Even more absurdly, some engineers began building an LLM-based "empathy layer" for Siri, but Walker ordered them to stop. The engineers thought the decision was foolish and secretly collaborated with another department behind Walker's back — a telling sign of just how fragmented Apple's internal culture had become.
The War Between Two AI Teams
Craig Federighi lacked confidence in JG's team and quietly assembled an independent AI team called "Intelligent Systems" within his own software division, hiring hundreds of engineers to essentially do parallel work to JG's team.
Apple now had two competing AI teams. They fought over resources, direction, and even marketing ownership. JG's department was mockingly nicknamed "Aimless" by Federighi's engineers. This internal warfare severely hampered Siri's progress.
The ChatGPT Shock: Ignored Warning Signs
When ChatGPT launched in November 2022, Apple Intelligence reportedly wasn't even a concept yet. JG underestimated the value of large language models, insisting they had "limited utility," and chose to continue developing Siri with internal tools. They eventually trained two models, but both fell far short of ChatGPT in performance and reliability.
To make things worse, Apple's AI engineers received only half of their promised chip budget in 2023, because the CFO told them to "do more with less." Apple's internal data centers had roughly 50,000 GPUs, many of which were over five years old. The AI team had to go begging to Google and Amazon for compute resources.
By contrast, while Google was equally blindsided by ChatGPT, it rapidly reorganized and launched Bard (later Gemini) within months. Today, Google has built an AI tool ecosystem spanning Android and the web. Gemini Live can hold natural conversations, handle mid-sentence interruptions, ask follow-up questions, switch between voice and text, and even use the camera to identify surroundings — capabilities that Siri can only dream of.
The 2025 Reckoning and What Lies Ahead
Leadership Shakeup
In March 2025, Bloomberg reported that Tim Cook had "lost confidence in AI chief John Giannandrea's ability to execute on product development." Apple stripped Siri's control from JG and Robbie Walker and handed it to Mike Rockwell — the executive behind Vision Pro and someone known for delivering polished, technically complex projects.
A Cultural Dilemma
The root of the problem isn't just a missed window of opportunity — it's a cultural clash. Apple's 21st-century legacy was built on simplicity, secrecy, and control, but AI development demands openness, messiness, and iteration. You can't achieve a "One More Thing" moment without being willing to experiment in public, and that kind of openness simply isn't in Apple's DNA.

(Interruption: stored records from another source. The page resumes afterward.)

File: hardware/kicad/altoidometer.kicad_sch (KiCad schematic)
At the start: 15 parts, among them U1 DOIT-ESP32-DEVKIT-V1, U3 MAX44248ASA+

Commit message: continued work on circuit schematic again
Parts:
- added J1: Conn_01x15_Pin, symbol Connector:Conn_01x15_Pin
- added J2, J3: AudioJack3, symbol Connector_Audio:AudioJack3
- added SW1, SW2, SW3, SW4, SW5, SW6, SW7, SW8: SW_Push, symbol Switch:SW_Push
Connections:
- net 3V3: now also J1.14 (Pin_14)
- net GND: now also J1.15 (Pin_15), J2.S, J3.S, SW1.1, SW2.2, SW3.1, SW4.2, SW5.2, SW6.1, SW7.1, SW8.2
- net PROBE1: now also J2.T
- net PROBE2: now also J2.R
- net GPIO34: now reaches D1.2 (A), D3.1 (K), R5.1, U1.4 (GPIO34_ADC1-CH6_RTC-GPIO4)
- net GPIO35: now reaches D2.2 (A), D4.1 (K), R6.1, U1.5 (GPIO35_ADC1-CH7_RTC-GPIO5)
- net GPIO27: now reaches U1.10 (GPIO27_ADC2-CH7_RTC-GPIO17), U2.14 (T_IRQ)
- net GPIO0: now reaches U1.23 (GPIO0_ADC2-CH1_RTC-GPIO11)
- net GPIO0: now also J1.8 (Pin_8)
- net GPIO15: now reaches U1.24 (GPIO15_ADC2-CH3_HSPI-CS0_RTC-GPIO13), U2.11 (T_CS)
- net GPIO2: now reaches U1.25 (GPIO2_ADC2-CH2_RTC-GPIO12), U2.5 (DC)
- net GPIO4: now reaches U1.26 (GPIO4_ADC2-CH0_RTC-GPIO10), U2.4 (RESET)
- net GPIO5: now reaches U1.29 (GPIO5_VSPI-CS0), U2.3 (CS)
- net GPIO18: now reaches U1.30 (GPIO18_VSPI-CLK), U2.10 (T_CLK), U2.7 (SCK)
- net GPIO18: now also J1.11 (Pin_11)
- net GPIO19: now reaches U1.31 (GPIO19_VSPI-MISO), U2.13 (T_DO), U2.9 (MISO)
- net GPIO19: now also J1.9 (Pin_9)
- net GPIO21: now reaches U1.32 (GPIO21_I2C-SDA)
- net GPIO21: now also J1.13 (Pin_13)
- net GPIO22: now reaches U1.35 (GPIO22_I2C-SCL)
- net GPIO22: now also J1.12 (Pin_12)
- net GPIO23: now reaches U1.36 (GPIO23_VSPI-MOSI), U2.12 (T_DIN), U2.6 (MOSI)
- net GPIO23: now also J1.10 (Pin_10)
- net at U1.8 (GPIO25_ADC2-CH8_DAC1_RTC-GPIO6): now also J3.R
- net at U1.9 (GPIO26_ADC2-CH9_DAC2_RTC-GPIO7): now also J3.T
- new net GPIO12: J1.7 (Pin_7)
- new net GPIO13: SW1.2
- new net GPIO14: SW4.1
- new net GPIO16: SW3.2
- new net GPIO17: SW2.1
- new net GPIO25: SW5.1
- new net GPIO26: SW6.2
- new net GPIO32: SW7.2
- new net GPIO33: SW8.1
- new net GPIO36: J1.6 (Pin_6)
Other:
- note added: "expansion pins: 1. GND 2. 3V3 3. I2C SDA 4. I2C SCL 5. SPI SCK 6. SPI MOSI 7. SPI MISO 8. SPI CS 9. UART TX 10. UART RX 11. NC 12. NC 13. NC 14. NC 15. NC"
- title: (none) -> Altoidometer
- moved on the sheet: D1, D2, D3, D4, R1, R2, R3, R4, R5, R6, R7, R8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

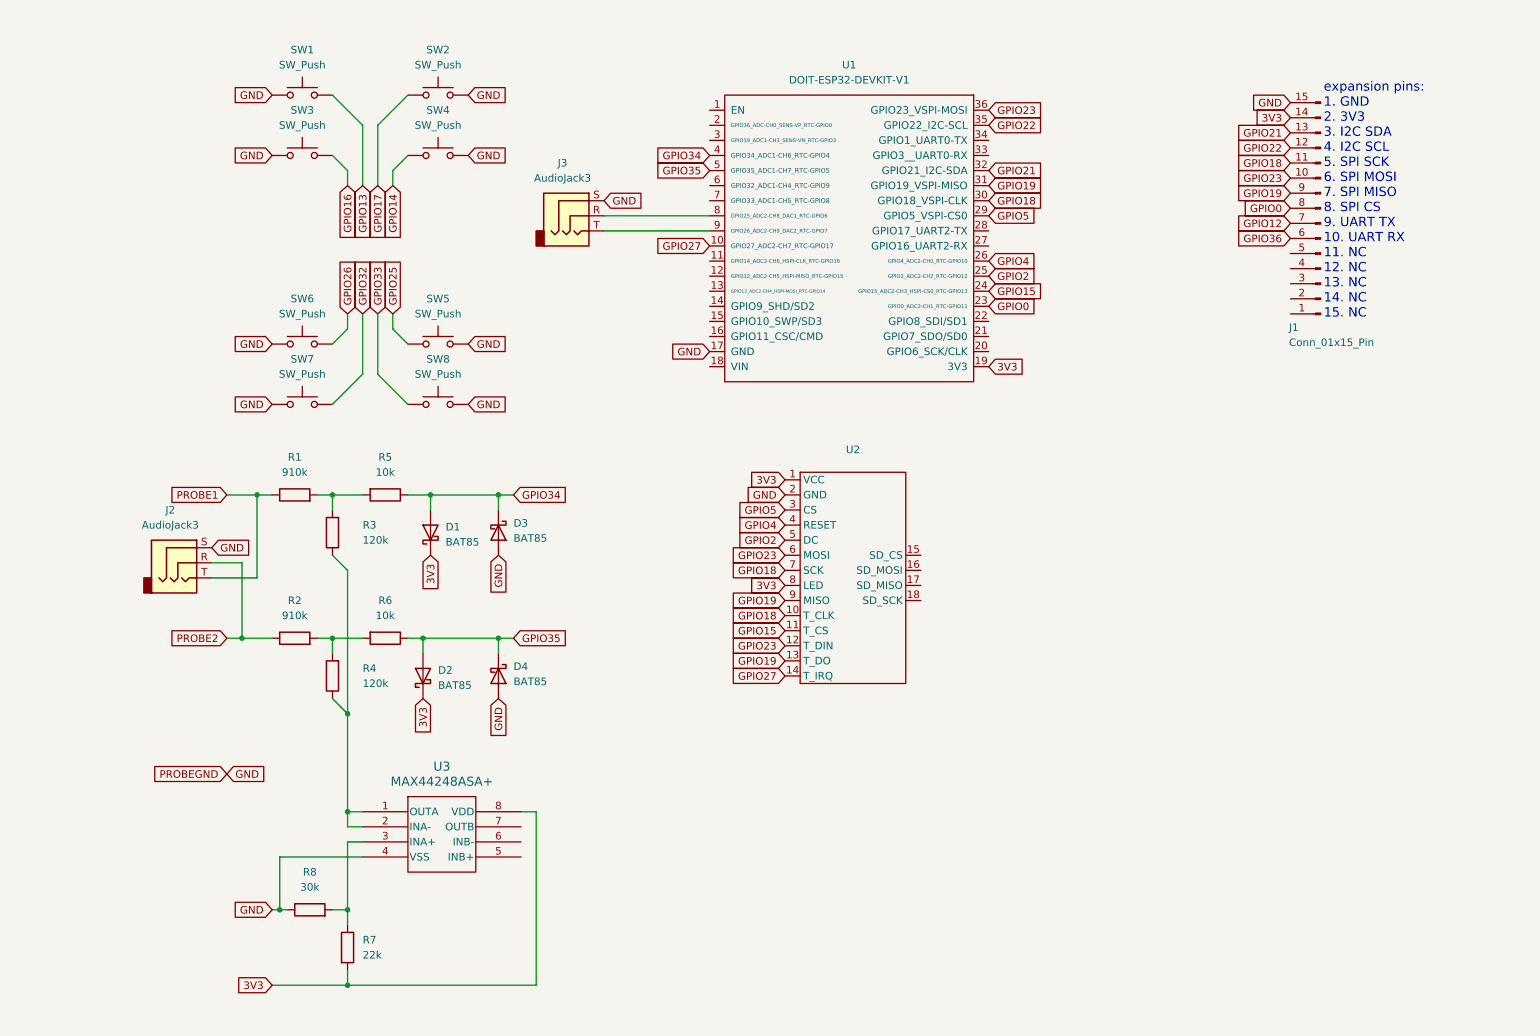
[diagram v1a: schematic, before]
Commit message: changed audio jack configuration and added microsd card module
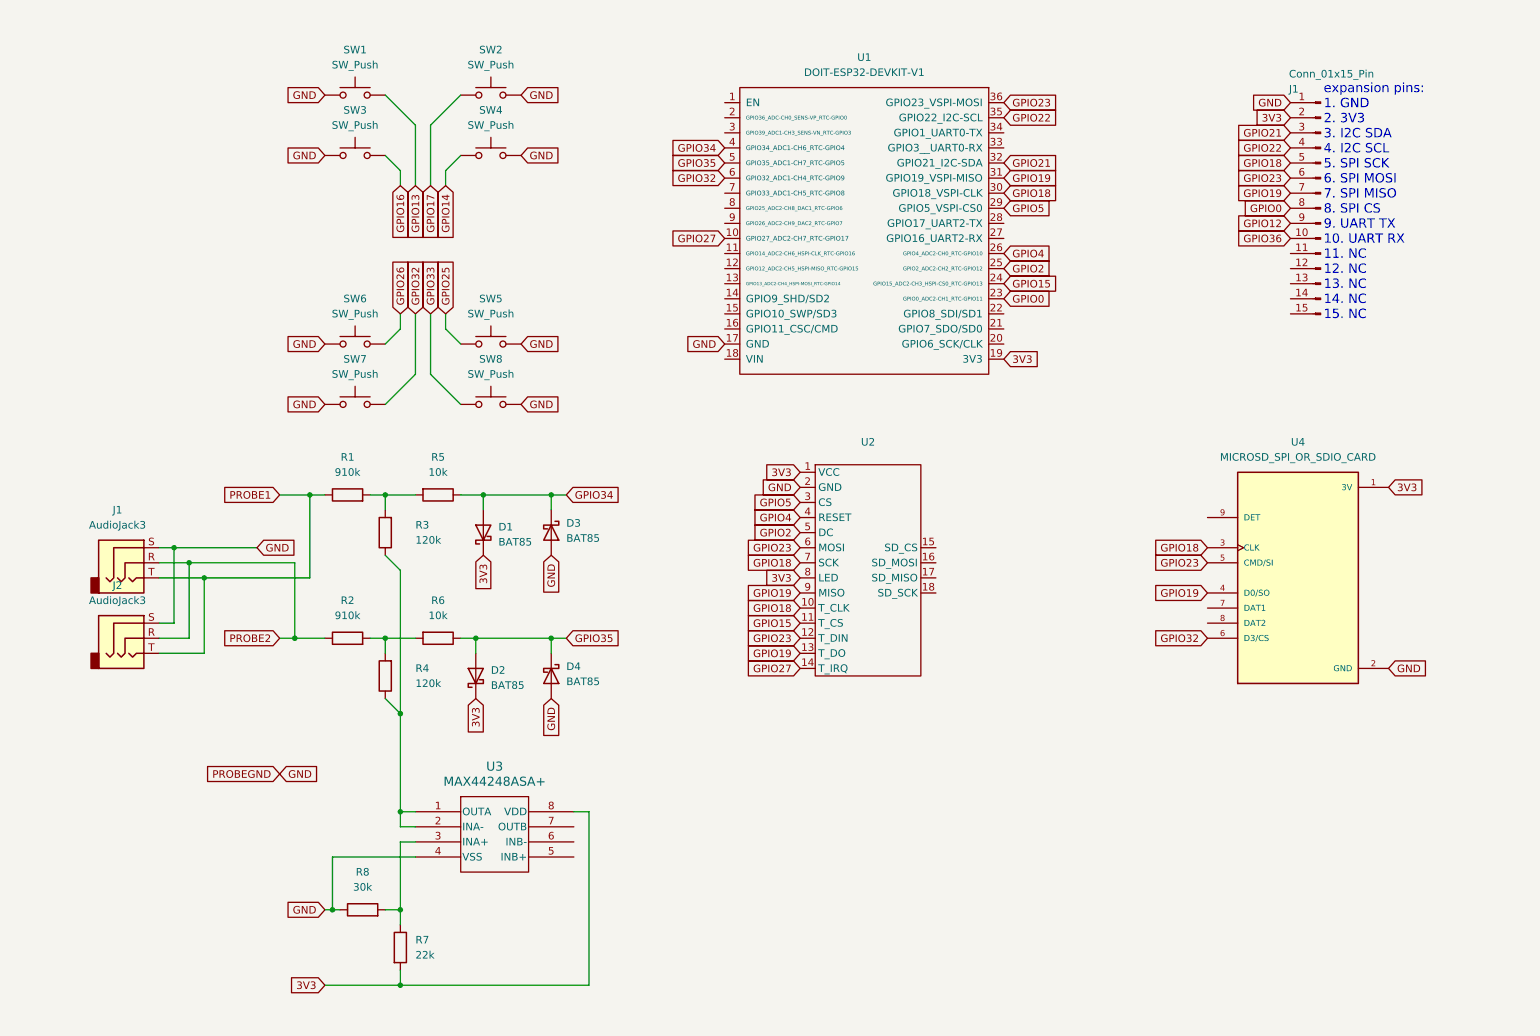
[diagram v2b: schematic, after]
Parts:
- removed J3: AudioJack3, symbol Connector_Audio:AudioJack3
- added J2: AudioJack3, symbol Connector_Audio:AudioJack3
- added U4: MICROSD_SPI_OR_SDIO_CARD, MICROSD_SPI_OR_SDIO_CARD:MODULE_MICROSD_SPI_OR_SDIO_CARD, symbol MICROSD_SPI_OR_SDIO_CARD:MICROSD_SPI_OR_SDIO_CARD
- renumbered J2 to J1
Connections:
- net 3V3: now also J1.2 (Pin_2), U4.1 (3V); no longer J1.14 (Pin_14)
- net GND: now also J1.1 (Pin_1), J2.S, U4.2 (GND); no longer J1.15 (Pin_15)
- net GPIO12: now also J1.9 (Pin_9); no longer J1.7 (Pin_7)
- net GPIO18: now also J1.5 (Pin_5), U4.3 (CLK); no longer J1.11 (Pin_11)
- net GPIO19: now also J1.7 (Pin_7), U4.4 (D0/SO); no longer J1.9 (Pin_9)
- net GPIO21: now also J1.3 (Pin_3); no longer J1.13 (Pin_13)
- net GPIO22: now also J1.4 (Pin_4); no longer J1.12 (Pin_12)
- net GPIO23: now also J1.6 (Pin_6), U4.5 (CMD/SI); no longer J1.10 (Pin_10)
- net GPIO32: now also U1.6 (GPIO32_ADC1-CH4_RTC-GPIO9), U4.6 (D3/CS)
- net GPIO36: now also J1.10 (Pin_10); no longer J1.6 (Pin_6)
- net PROBE1: now also J2.T
- net PROBE2: now also J2.R
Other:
- moved on the sheet: D1, D2, D3, D4, J1, R1, R2, R3, R4, R5, R6, R7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

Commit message: idek kicad just did this when i saved
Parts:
- renumbered J1 to J2
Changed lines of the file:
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@@
 	(title_block
 		(title "Altoidometer")
-		(rev "rev1")
+		(rev "1")
 	)
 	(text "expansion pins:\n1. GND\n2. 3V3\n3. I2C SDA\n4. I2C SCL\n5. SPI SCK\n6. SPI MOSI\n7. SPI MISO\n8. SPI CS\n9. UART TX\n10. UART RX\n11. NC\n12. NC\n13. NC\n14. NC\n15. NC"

WWDC 2025's Smoke and Mirrors
At WWDC 2025, Apple announced its biggest software design overhaul in over a decade — a unified glass-inspired design language across all platforms, inspired by VisionOS. Some keen observers believe this may have been a deliberate distraction from Apple Intelligence's ongoing failures.
Conclusion: Is Apple Losing Its Way?
Apple has promised that Siri will ship this fall with personal context awareness, screen understanding, and tighter app integration. But after so many broken promises, market trust has been severely eroded.
Frequent software bugs, a lackluster Vision Pro launch, and a comprehensively lagging AI strategy — these "un-Apple-like" problems are piling up, raising a pressing question: In the post-Jobs era, is Apple losing its ability to seamlessly fuse technology with experience? Is this merely a temporary rough patch, or a signal of something deeper in decline? The answer may not become clear until Siri actually delivers this fall.